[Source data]
.....

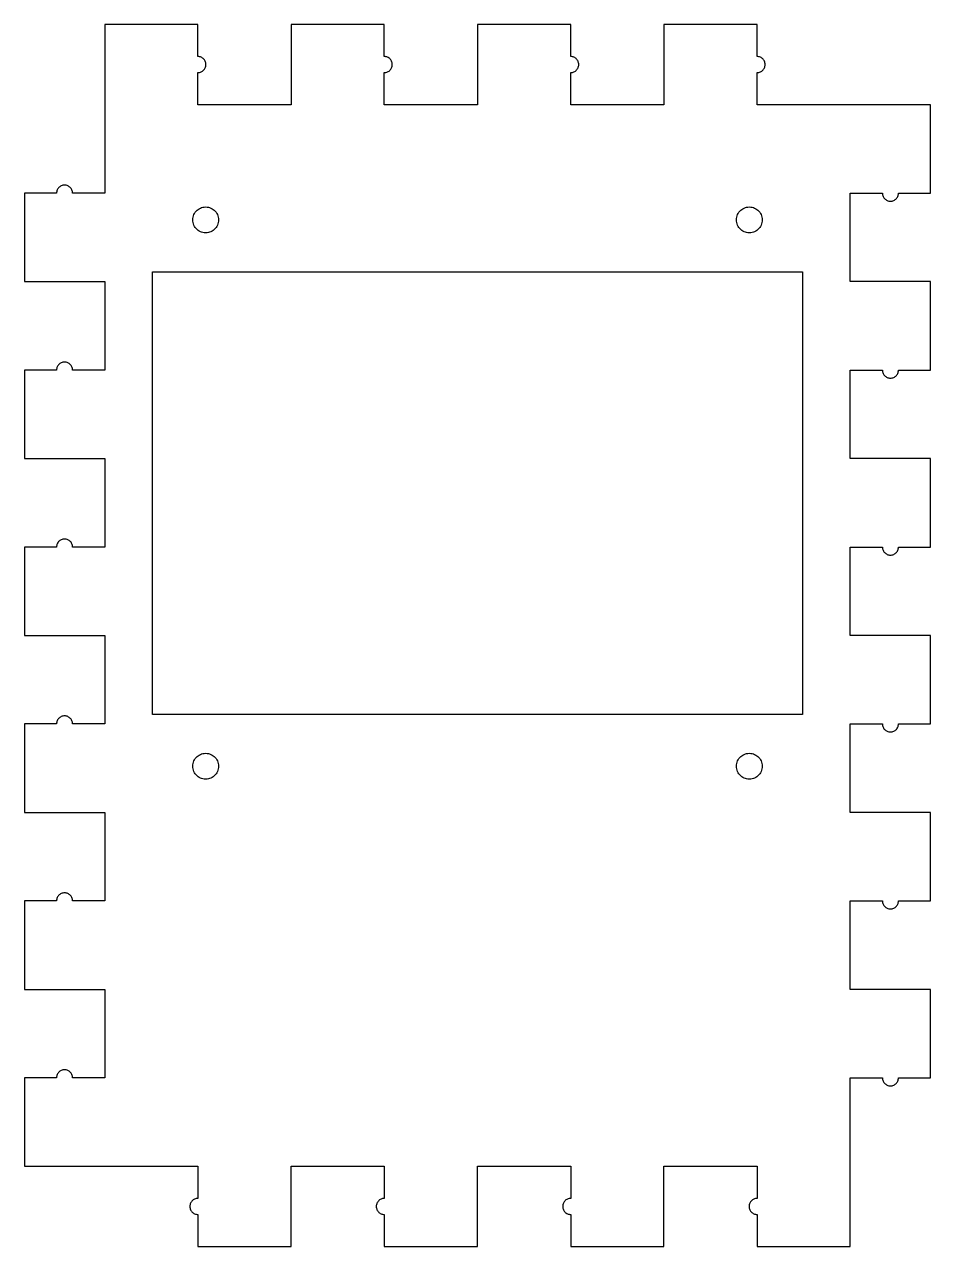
# Model space of a CAD drawing. Header units: metres. Extents: x -3 to 60, y -3 to 152.
# Drawn here: x -3.1 to 31.9, y -3.1 to 44.1 of the extents above; entities that cross this region are included whole.
import ezdxf

# ---------------------------------------------------------------- set-up
doc = ezdxf.new("R2010")
doc.units = ezdxf.units.M

msp = doc.modelspace()

# ---------------------------------------------------------------- linework, layer by layer
for p, q in [((3.59999, 44.1), (0, 44.1)), ((0, 44.1), (0, 37.5833)), ((3.59999, 42.86), (3.59999, 44.1)), ((10.8, 44.1), (7.2, 44.1)), ((7.2, 44.1), (7.2, 41)), ((10.8, 42.86), (10.8, 44.1)), ((18, 44.1), (14.4, 44.1)), ((14.4, 44.1), (14.4, 41)), ((18, 42.86), (18, 44.1)), ((25.2, 44.1), (21.6, 44.1)), ((21.6, 44.1), (21.6, 41)), ((25.2, 42.86), (25.2, 44.1)), ((3.6324, 42.8583), (3.59999, 42.86)), ((3.66444, 42.8532), (3.6324, 42.8583)), ((3.69579, 42.8448), (3.66444, 42.8532)), ((3.72607, 42.8332), (3.69579, 42.8448)), ((3.75499, 42.8185), (3.72607, 42.8332)), ((3.78221, 42.8008), (3.75499, 42.8185)), ((3.80742, 42.7804), (3.78221, 42.8008)), ((3.83037, 42.7574), (3.80742, 42.7804)), ((3.85078, 42.7322), (3.83037, 42.7574)), ((3.86845, 42.705), (3.85078, 42.7322)), ((3.88319, 42.6761), (3.86845, 42.705)), ((3.89482, 42.6458), (3.88319, 42.6761)), ((3.90321, 42.6144), (3.89482, 42.6458)), ((3.89482, 42.4542), (3.90321, 42.4855)), ((3.90829, 42.5824), (3.90321, 42.6144)), ((3.90321, 42.4855), (3.90829, 42.5176)), ((3.90999, 42.55), (3.90829, 42.5824)), ((3.90829, 42.5176), (3.90999, 42.55)), ((10.8324, 42.8583), (10.8, 42.86)), ((10.8644, 42.8532), (10.8324, 42.8583)), ((10.8958, 42.8448), (10.8644, 42.8532)), ((10.9261, 42.8332), (10.8958, 42.8448)), ((10.955, 42.8185), (10.9261, 42.8332)), ((10.9822, 42.8008), (10.955, 42.8185)), ((11.0074, 42.7804), (10.9822, 42.8008)), ((11.0304, 42.7574), (11.0074, 42.7804)), ((11.0508, 42.7322), (11.0304, 42.7574)), ((11.0685, 42.705), (11.0508, 42.7322)), ((11.0832, 42.6761), (11.0685, 42.705)), ((11.0948, 42.6458), (11.0832, 42.6761)), ((11.1032, 42.6144), (11.0948, 42.6458)), ((11.0948, 42.4542), (11.1032, 42.4855)), ((11.1083, 42.5824), (11.1032, 42.6144)), ((11.1032, 42.4855), (11.1083, 42.5176)), ((11.11, 42.55), (11.1083, 42.5824)), ((11.1083, 42.5176), (11.11, 42.55)), ((18.0324, 42.8583), (18, 42.86)), ((18.0644, 42.8532), (18.0324, 42.8583)), ((18.0958, 42.8448), (18.0644, 42.8532)), ((18.1261, 42.8332), (18.0958, 42.8448)), ((18.155, 42.8185), (18.1261, 42.8332)), ((18.1822, 42.8008), (18.155, 42.8185)), ((18.2074, 42.7804), (18.1822, 42.8008)), ((18.2304, 42.7574), (18.2074, 42.7804)), ((18.2508, 42.7322), (18.2304, 42.7574)), ((18.2684, 42.705), (18.2508, 42.7322)), ((18.2832, 42.6761), (18.2684, 42.705)), ((18.2948, 42.6458), (18.2832, 42.6761)), ((18.3032, 42.6144), (18.2948, 42.6458)), ((18.2948, 42.4542), (18.3032, 42.4855)), ((18.3083, 42.5824), (18.3032, 42.6144)), ((18.3032, 42.4855), (18.3083, 42.5176)), ((18.31, 42.55), (18.3083, 42.5824)), ((18.3083, 42.5176), (18.31, 42.55)), ((25.2324, 42.8583), (25.2, 42.86)), ((25.2644, 42.8532), (25.2324, 42.8583)), ((25.2958, 42.8448), (25.2644, 42.8532)), ((25.3261, 42.8332), (25.2958, 42.8448)), ((25.355, 42.8185), (25.3261, 42.8332)), ((25.3822, 42.8008), (25.355, 42.8185)), ((25.4074, 42.7804), (25.3822, 42.8008)), ((25.4304, 42.7574), (25.4074, 42.7804)), ((25.4508, 42.7322), (25.4304, 42.7574)), ((25.4684, 42.705), (25.4508, 42.7322)), ((25.4832, 42.6761), (25.4684, 42.705)), ((25.4948, 42.6458), (25.4832, 42.6761)), ((25.5032, 42.6144), (25.4948, 42.6458)), ((25.4948, 42.4542), (25.5032, 42.4855)), ((25.5083, 42.5824), (25.5032, 42.6144)), ((25.5032, 42.4855), (25.5083, 42.5176)), ((25.51, 42.55), (25.5083, 42.5824)), ((25.5083, 42.5176), (25.51, 42.55)), ((3.59999, 42.24), (3.6324, 42.2417)), ((3.59999, 41), (3.59999, 42.24)), ((3.6324, 42.2417), (3.66444, 42.2468)), ((3.66444, 42.2468), (3.69579, 42.2552)), ((3.69579, 42.2552), (3.72607, 42.2668)), ((3.72607, 42.2668), (3.75499, 42.2815)), ((3.75499, 42.2815), (3.78221, 42.2992)), ((3.78221, 42.2992), (3.80742, 42.3196)), ((3.80742, 42.3196), (3.83037, 42.3426)), ((3.83037, 42.3426), (3.85078, 42.3678)), ((3.85078, 42.3678), (3.86845, 42.395)), ((3.86845, 42.395), (3.88319, 42.4239)), ((3.88319, 42.4239), (3.89482, 42.4542)), ((10.8, 42.24), (10.8324, 42.2417)), ((10.8, 41), (10.8, 42.24)), ((10.8324, 42.2417), (10.8644, 42.2468)), ((10.8644, 42.2468), (10.8958, 42.2552)), ((10.8958, 42.2552), (10.9261, 42.2668)), ((10.9261, 42.2668), (10.955, 42.2815)), ((10.955, 42.2815), (10.9822, 42.2992)), ((10.9822, 42.2992), (11.0074, 42.3196)), ((11.0074, 42.3196), (11.0304, 42.3426)), ((11.0304, 42.3426), (11.0508, 42.3678)), ((11.0508, 42.3678), (11.0685, 42.395)), ((11.0685, 42.395), (11.0832, 42.4239)), ((11.0832, 42.4239), (11.0948, 42.4542)), ((18, 42.24), (18.0324, 42.2417)), ((18, 41), (18, 42.24)), ((18.0324, 42.2417), (18.0644, 42.2468)), ((18.0644, 42.2468), (18.0958, 42.2552)), ((18.0958, 42.2552), (18.1261, 42.2668)), ((18.1261, 42.2668), (18.155, 42.2815)), ((18.155, 42.2815), (18.1822, 42.2992)), ((18.1822, 42.2992), (18.2074, 42.3196)), ((18.2074, 42.3196), (18.2304, 42.3426)), ((18.2304, 42.3426), (18.2508, 42.3678)), ((18.2508, 42.3678), (18.2684, 42.395)), ((18.2684, 42.395), (18.2832, 42.4239)), ((18.2832, 42.4239), (18.2948, 42.4542)), ((25.2, 42.24), (25.2324, 42.2417)), ((25.2, 41), (25.2, 42.24)), ((25.2324, 42.2417), (25.2644, 42.2468)), ((25.2644, 42.2468), (25.2958, 42.2552)), ((25.2958, 42.2552), (25.3261, 42.2668)), ((25.3261, 42.2668), (25.355, 42.2815)), ((25.355, 42.2815), (25.3822, 42.2992)), ((25.3822, 42.2992), (25.4074, 42.3196)), ((25.4074, 42.3196), (25.4304, 42.3426)), ((25.4304, 42.3426), (25.4508, 42.3678)), ((25.4508, 42.3678), (25.4684, 42.395)), ((25.4684, 42.395), (25.4832, 42.4239)), ((25.4832, 42.4239), (25.4948, 42.4542)), ((7.2, 41), (3.59999, 41)), ((14.4, 41), (10.8, 41)), ((21.6, 41), (18, 41)), ((31.9, 41), (25.2, 41)), ((31.9, 37.5833), (31.9, 41)), ((-1.80078, 37.7655), (-1.81845, 37.7383)), ((-1.78036, 37.7907), (-1.80078, 37.7655)), ((-1.75742, 37.8137), (-1.78036, 37.7907)), ((-1.73219, 37.8341), (-1.75742, 37.8137)), ((-1.70499, 37.8518), (-1.73219, 37.8341)), ((-1.67607, 37.8665), (-1.70499, 37.8518)), ((-1.64578, 37.8781), (-1.67607, 37.8665)), ((-1.61444, 37.8865), (-1.64578, 37.8781)), ((-1.5824, 37.8916), (-1.61444, 37.8865)), ((-1.54999, 37.8933), (-1.5824, 37.8916)), ((-1.51758, 37.8916), (-1.54999, 37.8933)), ((-1.48553, 37.8865), (-1.51758, 37.8916)), ((-1.45419, 37.8781), (-1.48553, 37.8865)), ((-1.4239, 37.8665), (-1.45419, 37.8781)), ((-1.39499, 37.8518), (-1.4239, 37.8665)), ((-1.36777, 37.8341), (-1.39499, 37.8518)), ((-1.34256, 37.8137), (-1.36777, 37.8341)), ((-1.31961, 37.7907), (-1.34256, 37.8137)), ((-1.29919, 37.7655), (-1.31961, 37.7907)), ((-1.28152, 37.7383), (-1.29919, 37.7655)), ((-1.85999, 37.5833), (-3.09999, 37.5833)), ((-3.09999, 37.5833), (-3.09999, 34.1667)), ((-1.85829, 37.6157), (-1.85999, 37.5833)), ((-1.85321, 37.6478), (-1.85829, 37.6157)), ((-1.84482, 37.6791), (-1.85321, 37.6478)), ((-1.83319, 37.7094), (-1.84482, 37.6791)), ((-1.81845, 37.7383), (-1.83319, 37.7094)), ((-1.26678, 37.7094), (-1.28152, 37.7383)), ((-1.25516, 37.6791), (-1.26678, 37.7094)), ((-1.24677, 37.6478), (-1.25516, 37.6791)), ((-1.24168, 37.6157), (-1.24677, 37.6478)), ((-1.23999, 37.5833), (-1.24168, 37.6157)), ((0, 37.5833), (-1.23999, 37.5833)), ((28.8, 34.1667), (28.8, 37.5833)), ((28.8, 37.5833), (30.04, 37.5833)), ((30.04, 37.5833), (30.0417, 37.5509)), ((30.0417, 37.5509), (30.0468, 37.5189)), ((30.0468, 37.5189), (30.0552, 37.4875)), ((30.0552, 37.4875), (30.0668, 37.4573)), ((30.0668, 37.4573), (30.0815, 37.4283)), ((30.0815, 37.4283), (30.0992, 37.4011)), ((30.0992, 37.4011), (30.1196, 37.3759)), ((30.1196, 37.3759), (30.1426, 37.353)), ((30.1426, 37.353), (30.1678, 37.3326)), ((30.1678, 37.3326), (30.195, 37.3149)), ((30.195, 37.3149), (30.2239, 37.3001)), ((30.2239, 37.3001), (30.2542, 37.2885)), ((30.2542, 37.2885), (30.2855, 37.2801)), ((30.4144, 37.2801), (30.4458, 37.2885)), ((30.4458, 37.2885), (30.4761, 37.3001)), ((30.4761, 37.3001), (30.505, 37.3149)), ((30.505, 37.3149), (30.5322, 37.3326)), ((30.5322, 37.3326), (30.5574, 37.353)), ((30.5574, 37.353), (30.5804, 37.3759)), ((30.5804, 37.3759), (30.6008, 37.4011)), ((30.6008, 37.4011), (30.6185, 37.4283)), ((30.6185, 37.4283), (30.6332, 37.4573)), ((30.6332, 37.4573), (30.6448, 37.4875)), ((30.6448, 37.4875), (30.6532, 37.5189)), ((30.6532, 37.5189), (30.6583, 37.5509)), ((30.6583, 37.5509), (30.66, 37.5833)), ((30.66, 37.5833), (31.9, 37.5833)), ((3.46698, 36.8), (3.49548, 36.8439)), ((3.49548, 36.8439), (3.52843, 36.8846)), ((3.52843, 36.8846), (3.56543, 36.9216)), ((3.56543, 36.9216), (3.60609, 36.9545)), ((3.60609, 36.9545), (3.64999, 36.983)), ((3.64999, 36.983), (3.69662, 37.0068)), ((3.69662, 37.0068), (3.74548, 37.0255)), ((3.74548, 37.0255), (3.79604, 37.0391)), ((3.79604, 37.0391), (3.84773, 37.0473)), ((3.84773, 37.0473), (3.89999, 37.05)), ((3.89999, 37.05), (3.95226, 37.0473)), ((3.95226, 37.0473), (4.00395, 37.0391)), ((4.00395, 37.0391), (4.0545, 37.0255)), ((4.0545, 37.0255), (4.10336, 37.0068)), ((4.10336, 37.0068), (4.14999, 36.983)), ((4.14999, 36.983), (4.19388, 36.9545)), ((4.19388, 36.9545), (4.23456, 36.9216)), ((4.23456, 36.9216), (4.27156, 36.8846)), ((4.27156, 36.8846), (4.3045, 36.8439)), ((4.3045, 36.8439), (4.33301, 36.8)), ((24.467, 36.8), (24.4955, 36.8439)), ((24.4955, 36.8439), (24.5284, 36.8846)), ((24.5284, 36.8846), (24.5654, 36.9216)), ((24.5654, 36.9216), (24.6061, 36.9545)), ((24.6061, 36.9545), (24.65, 36.983)), ((24.65, 36.983), (24.6966, 37.0068)), ((24.6966, 37.0068), (24.7455, 37.0255)), ((24.7455, 37.0255), (24.796, 37.0391)), ((24.796, 37.0391), (24.8477, 37.0473)), ((24.8477, 37.0473), (24.9, 37.05)), ((24.9, 37.05), (24.9523, 37.0473)), ((24.9523, 37.0473), (25.004, 37.0391)), ((25.004, 37.0391), (25.0545, 37.0255)), ((25.0545, 37.0255), (25.1034, 37.0068)), ((25.1034, 37.0068), (25.15, 36.983)), ((25.15, 36.983), (25.1939, 36.9545)), ((25.1939, 36.9545), (25.2346, 36.9216)), ((25.2346, 36.9216), (25.2716, 36.8846)), ((25.2716, 36.8846), (25.3045, 36.8439)), ((25.3045, 36.8439), (25.333, 36.8)), ((30.2855, 37.2801), (30.3176, 37.275)), ((30.3176, 37.275), (30.35, 37.2733)), ((30.35, 37.2733), (30.3824, 37.275)), ((30.3824, 37.275), (30.4144, 37.2801)), ((3.39999, 36.55), (3.40273, 36.6022)), ((3.40273, 36.4977), (3.39999, 36.55)), ((3.40273, 36.6022), (3.41092, 36.6539)), ((3.41092, 36.446), (3.40273, 36.4977)), ((3.41092, 36.6539), (3.42447, 36.7045)), ((3.42447, 36.3955), (3.41092, 36.446)), ((3.42447, 36.7045), (3.44322, 36.7534)), ((3.44322, 36.3466), (3.42447, 36.3955)), ((3.44322, 36.7534), (3.46698, 36.8)), ((3.46698, 36.3), (3.44322, 36.3466)), ((4.33301, 36.8), (4.35677, 36.7534)), ((4.35677, 36.3466), (4.33301, 36.3)), ((4.35677, 36.7534), (4.37552, 36.7045)), ((4.37552, 36.3955), (4.35677, 36.3466)), ((4.37552, 36.7045), (4.38907, 36.6539)), ((4.38907, 36.446), (4.37552, 36.3955)), ((4.38907, 36.6539), (4.39725, 36.6022)), ((4.39725, 36.4977), (4.38907, 36.446)), ((4.39725, 36.6022), (4.39999, 36.55)), ((4.39999, 36.55), (4.39725, 36.4977)), ((24.4, 36.55), (24.4027, 36.6022)), ((24.4027, 36.4977), (24.4, 36.55)), ((24.4027, 36.6022), (24.4109, 36.6539)), ((24.4109, 36.446), (24.4027, 36.4977)), ((24.4109, 36.6539), (24.4245, 36.7045)), ((24.4245, 36.3955), (24.4109, 36.446)), ((24.4245, 36.7045), (24.4432, 36.7534)), ((24.4432, 36.3466), (24.4245, 36.3955)), ((24.4432, 36.7534), (24.467, 36.8)), ((24.467, 36.3), (24.4432, 36.3466)), ((25.333, 36.8), (25.3568, 36.7534)), ((25.3568, 36.3466), (25.333, 36.3)), ((25.3568, 36.7534), (25.3755, 36.7045)), ((25.3755, 36.3955), (25.3568, 36.3466)), ((25.3755, 36.7045), (25.3891, 36.6539)), ((25.3891, 36.446), (25.3755, 36.3955)), ((25.3891, 36.6539), (25.3972, 36.6022)), ((25.3972, 36.4977), (25.3891, 36.446)), ((25.3972, 36.6022), (25.4, 36.55)), ((25.4, 36.55), (25.3972, 36.4977)), ((3.49548, 36.2561), (3.46698, 36.3)), ((3.52843, 36.2154), (3.49548, 36.2561)), ((3.56543, 36.1784), (3.52843, 36.2154)), ((3.60609, 36.1455), (3.56543, 36.1784)), ((3.64999, 36.117), (3.60609, 36.1455)), ((3.69662, 36.0932), (3.64999, 36.117)), ((3.74548, 36.0745), (3.69662, 36.0932)), ((3.79604, 36.0609), (3.74548, 36.0745)), ((3.84773, 36.0527), (3.79604, 36.0609)), ((3.89999, 36.05), (3.84773, 36.0527)), ((3.95226, 36.0527), (3.89999, 36.05)), ((4.00395, 36.0609), (3.95226, 36.0527)), ((4.0545, 36.0745), (4.00395, 36.0609)), ((4.10336, 36.0932), (4.0545, 36.0745)), ((4.14999, 36.117), (4.10336, 36.0932)), ((4.19388, 36.1455), (4.14999, 36.117)), ((4.23456, 36.1784), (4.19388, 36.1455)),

.....

AIM OF THE EXERCISE.
Could you reproduce exactly the lines of the entries above, from the one with "import ezdxf" through the one with "layer by layer", and nothing else?

OUTPUT BELOW.
import ezdxf

# ---------------------------------------------------------------- set-up
doc = ezdxf.new("R2010")
doc.units = ezdxf.units.M

msp = doc.modelspace()

# ---------------------------------------------------------------- linework, layer by layer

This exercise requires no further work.